*Problem description*: Write the data out again exactly, with no pictures.

(Data entries)
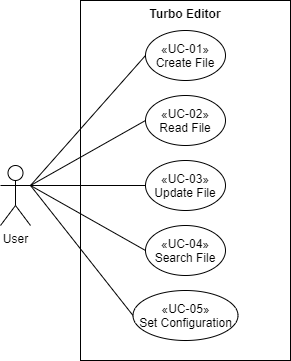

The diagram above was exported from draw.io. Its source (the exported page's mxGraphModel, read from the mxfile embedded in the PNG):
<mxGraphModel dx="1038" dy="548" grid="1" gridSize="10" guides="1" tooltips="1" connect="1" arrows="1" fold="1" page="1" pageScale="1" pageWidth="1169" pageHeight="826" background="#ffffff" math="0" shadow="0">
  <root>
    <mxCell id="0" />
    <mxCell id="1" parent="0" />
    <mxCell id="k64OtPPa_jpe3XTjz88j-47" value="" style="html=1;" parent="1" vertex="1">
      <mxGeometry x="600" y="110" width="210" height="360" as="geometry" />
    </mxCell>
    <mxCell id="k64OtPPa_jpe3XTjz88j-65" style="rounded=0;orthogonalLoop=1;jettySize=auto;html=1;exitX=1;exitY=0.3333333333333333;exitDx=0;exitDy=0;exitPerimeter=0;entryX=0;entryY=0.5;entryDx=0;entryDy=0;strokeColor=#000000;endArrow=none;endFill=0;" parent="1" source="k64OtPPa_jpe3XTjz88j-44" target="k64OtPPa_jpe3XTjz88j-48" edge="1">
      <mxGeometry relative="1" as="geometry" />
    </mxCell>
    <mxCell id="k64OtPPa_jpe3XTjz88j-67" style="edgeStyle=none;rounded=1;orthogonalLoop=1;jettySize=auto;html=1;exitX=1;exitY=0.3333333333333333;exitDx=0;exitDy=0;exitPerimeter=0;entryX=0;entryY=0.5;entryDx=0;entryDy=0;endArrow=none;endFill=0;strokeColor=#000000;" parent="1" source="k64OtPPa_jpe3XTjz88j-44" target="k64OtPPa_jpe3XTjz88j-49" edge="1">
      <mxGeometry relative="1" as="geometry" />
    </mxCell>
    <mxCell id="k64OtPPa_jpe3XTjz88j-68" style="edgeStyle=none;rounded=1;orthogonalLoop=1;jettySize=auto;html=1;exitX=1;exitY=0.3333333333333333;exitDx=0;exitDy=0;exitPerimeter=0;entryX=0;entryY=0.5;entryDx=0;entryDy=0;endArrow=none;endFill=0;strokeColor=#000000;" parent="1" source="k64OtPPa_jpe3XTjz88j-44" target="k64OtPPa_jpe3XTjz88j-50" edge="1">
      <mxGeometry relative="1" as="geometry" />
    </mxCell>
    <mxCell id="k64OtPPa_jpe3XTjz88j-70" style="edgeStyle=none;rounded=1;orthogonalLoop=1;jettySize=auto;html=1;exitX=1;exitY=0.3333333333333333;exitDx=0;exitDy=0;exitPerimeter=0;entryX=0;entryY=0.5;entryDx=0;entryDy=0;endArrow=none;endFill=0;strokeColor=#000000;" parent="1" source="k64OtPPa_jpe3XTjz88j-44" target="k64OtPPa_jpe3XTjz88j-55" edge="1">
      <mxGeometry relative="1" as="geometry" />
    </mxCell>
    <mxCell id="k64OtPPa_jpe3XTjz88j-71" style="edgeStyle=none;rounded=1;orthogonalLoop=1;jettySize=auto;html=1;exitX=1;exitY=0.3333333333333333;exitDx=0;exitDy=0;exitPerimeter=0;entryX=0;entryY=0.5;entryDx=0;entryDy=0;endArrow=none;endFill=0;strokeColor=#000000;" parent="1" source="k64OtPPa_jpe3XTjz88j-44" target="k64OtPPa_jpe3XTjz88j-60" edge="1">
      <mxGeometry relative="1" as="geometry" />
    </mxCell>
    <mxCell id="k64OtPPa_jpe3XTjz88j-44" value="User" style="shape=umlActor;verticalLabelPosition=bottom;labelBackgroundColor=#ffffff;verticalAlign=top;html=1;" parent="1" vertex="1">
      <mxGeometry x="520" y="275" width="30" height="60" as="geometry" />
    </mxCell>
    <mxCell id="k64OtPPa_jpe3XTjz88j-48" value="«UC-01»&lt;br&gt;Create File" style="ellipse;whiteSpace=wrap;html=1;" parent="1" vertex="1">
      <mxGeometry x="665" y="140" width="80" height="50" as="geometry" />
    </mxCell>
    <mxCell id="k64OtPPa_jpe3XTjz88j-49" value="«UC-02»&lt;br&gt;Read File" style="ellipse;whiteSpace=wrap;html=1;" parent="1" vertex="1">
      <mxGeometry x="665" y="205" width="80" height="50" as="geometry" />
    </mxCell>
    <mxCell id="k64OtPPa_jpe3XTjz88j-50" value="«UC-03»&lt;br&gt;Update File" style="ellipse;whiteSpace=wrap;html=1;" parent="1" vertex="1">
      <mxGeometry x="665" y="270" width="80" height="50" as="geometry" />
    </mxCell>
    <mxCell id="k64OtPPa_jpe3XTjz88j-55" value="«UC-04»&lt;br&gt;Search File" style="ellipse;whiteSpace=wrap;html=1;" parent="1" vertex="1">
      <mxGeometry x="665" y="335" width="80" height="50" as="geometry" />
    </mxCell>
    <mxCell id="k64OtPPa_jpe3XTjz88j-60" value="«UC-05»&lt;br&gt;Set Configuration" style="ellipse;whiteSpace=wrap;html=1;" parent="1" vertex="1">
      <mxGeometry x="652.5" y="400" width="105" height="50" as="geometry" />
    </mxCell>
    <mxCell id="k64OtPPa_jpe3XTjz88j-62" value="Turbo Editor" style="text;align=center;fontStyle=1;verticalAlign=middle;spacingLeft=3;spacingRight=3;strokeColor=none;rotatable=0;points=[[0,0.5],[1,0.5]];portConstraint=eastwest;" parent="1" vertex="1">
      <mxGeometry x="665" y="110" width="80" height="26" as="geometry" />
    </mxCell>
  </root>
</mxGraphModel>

*Solution for this exercise*:
The diagram above was exported from draw.io. Its source (the exported page's mxGraphModel, read from the mxfile embedded in the PNG):
<mxGraphModel dx="1038" dy="548" grid="1" gridSize="10" guides="1" tooltips="1" connect="1" arrows="1" fold="1" page="1" pageScale="1" pageWidth="1169" pageHeight="826" background="#ffffff" math="0" shadow="0">
  <root>
    <mxCell id="0" />
    <mxCell id="1" parent="0" />
    <mxCell id="k64OtPPa_jpe3XTjz88j-47" value="" style="html=1;" parent="1" vertex="1">
      <mxGeometry x="600" y="110" width="210" height="360" as="geometry" />
    </mxCell>
    <mxCell id="k64OtPPa_jpe3XTjz88j-65" style="rounded=0;orthogonalLoop=1;jettySize=auto;html=1;exitX=1;exitY=0.3333333333333333;exitDx=0;exitDy=0;exitPerimeter=0;entryX=0;entryY=0.5;entryDx=0;entryDy=0;strokeColor=#000000;endArrow=none;endFill=0;" parent="1" source="k64OtPPa_jpe3XTjz88j-44" target="k64OtPPa_jpe3XTjz88j-48" edge="1">
      <mxGeometry relative="1" as="geometry" />
    </mxCell>
    <mxCell id="k64OtPPa_jpe3XTjz88j-67" style="edgeStyle=none;rounded=1;orthogonalLoop=1;jettySize=auto;html=1;exitX=1;exitY=0.3333333333333333;exitDx=0;exitDy=0;exitPerimeter=0;entryX=0;entryY=0.5;entryDx=0;entryDy=0;endArrow=none;endFill=0;strokeColor=#000000;" parent="1" source="k64OtPPa_jpe3XTjz88j-44" target="k64OtPPa_jpe3XTjz88j-49" edge="1">
      <mxGeometry relative="1" as="geometry" />
    </mxCell>
    <mxCell id="k64OtPPa_jpe3XTjz88j-68" style="edgeStyle=none;rounded=1;orthogonalLoop=1;jettySize=auto;html=1;exitX=1;exitY=0.3333333333333333;exitDx=0;exitDy=0;exitPerimeter=0;entryX=0;entryY=0.5;entryDx=0;entryDy=0;endArrow=none;endFill=0;strokeColor=#000000;" parent="1" source="k64OtPPa_jpe3XTjz88j-44" target="k64OtPPa_jpe3XTjz88j-50" edge="1">
      <mxGeometry relative="1" as="geometry" />
    </mxCell>
    <mxCell id="k64OtPPa_jpe3XTjz88j-70" style="edgeStyle=none;rounded=1;orthogonalLoop=1;jettySize=auto;html=1;exitX=1;exitY=0.3333333333333333;exitDx=0;exitDy=0;exitPerimeter=0;entryX=0;entryY=0.5;entryDx=0;entryDy=0;endArrow=none;endFill=0;strokeColor=#000000;" parent="1" source="k64OtPPa_jpe3XTjz88j-44" target="k64OtPPa_jpe3XTjz88j-55" edge="1">
      <mxGeometry relative="1" as="geometry" />
    </mxCell>
    <mxCell id="k64OtPPa_jpe3XTjz88j-71" style="edgeStyle=none;rounded=1;orthogonalLoop=1;jettySize=auto;html=1;exitX=1;exitY=0.3333333333333333;exitDx=0;exitDy=0;exitPerimeter=0;entryX=0;entryY=0.5;entryDx=0;entryDy=0;endArrow=none;endFill=0;strokeColor=#000000;" parent="1" source="k64OtPPa_jpe3XTjz88j-44" target="k64OtPPa_jpe3XTjz88j-60" edge="1">
      <mxGeometry relative="1" as="geometry" />
    </mxCell>
    <mxCell id="k64OtPPa_jpe3XTjz88j-44" value="User" style="shape=umlActor;verticalLabelPosition=bottom;labelBackgroundColor=#ffffff;verticalAlign=top;html=1;" parent="1" vertex="1">
      <mxGeometry x="520" y="275" width="30" height="60" as="geometry" />
    </mxCell>
    <mxCell id="k64OtPPa_jpe3XTjz88j-48" value="«UC-01»&lt;br&gt;Create File" style="ellipse;whiteSpace=wrap;html=1;" parent="1" vertex="1">
      <mxGeometry x="665" y="140" width="80" height="50" as="geometry" />
    </mxCell>
    <mxCell id="k64OtPPa_jpe3XTjz88j-49" value="«UC-02»&lt;br&gt;Read File" style="ellipse;whiteSpace=wrap;html=1;" parent="1" vertex="1">
      <mxGeometry x="665" y="205" width="80" height="50" as="geometry" />
    </mxCell>
    <mxCell id="k64OtPPa_jpe3XTjz88j-50" value="«UC-03»&lt;br&gt;Update File" style="ellipse;whiteSpace=wrap;html=1;" parent="1" vertex="1">
      <mxGeometry x="665" y="270" width="80" height="50" as="geometry" />
    </mxCell>
    <mxCell id="k64OtPPa_jpe3XTjz88j-55" value="«UC-04»&lt;br&gt;Search File" style="ellipse;whiteSpace=wrap;html=1;" parent="1" vertex="1">
      <mxGeometry x="665" y="335" width="80" height="50" as="geometry" />
    </mxCell>
    <mxCell id="k64OtPPa_jpe3XTjz88j-60" value="«UC-05»&lt;br&gt;Set Configuration" style="ellipse;whiteSpace=wrap;html=1;" parent="1" vertex="1">
      <mxGeometry x="652.5" y="400" width="105" height="50" as="geometry" />
    </mxCell>
    <mxCell id="k64OtPPa_jpe3XTjz88j-62" value="Turbo Editor" style="text;align=center;fontStyle=1;verticalAlign=middle;spacingLeft=3;spacingRight=3;strokeColor=none;rotatable=0;points=[[0,0.5],[1,0.5]];portConstraint=eastwest;" parent="1" vertex="1">
      <mxGeometry x="665" y="110" width="80" height="26" as="geometry" />
    </mxCell>
  </root>
</mxGraphModel>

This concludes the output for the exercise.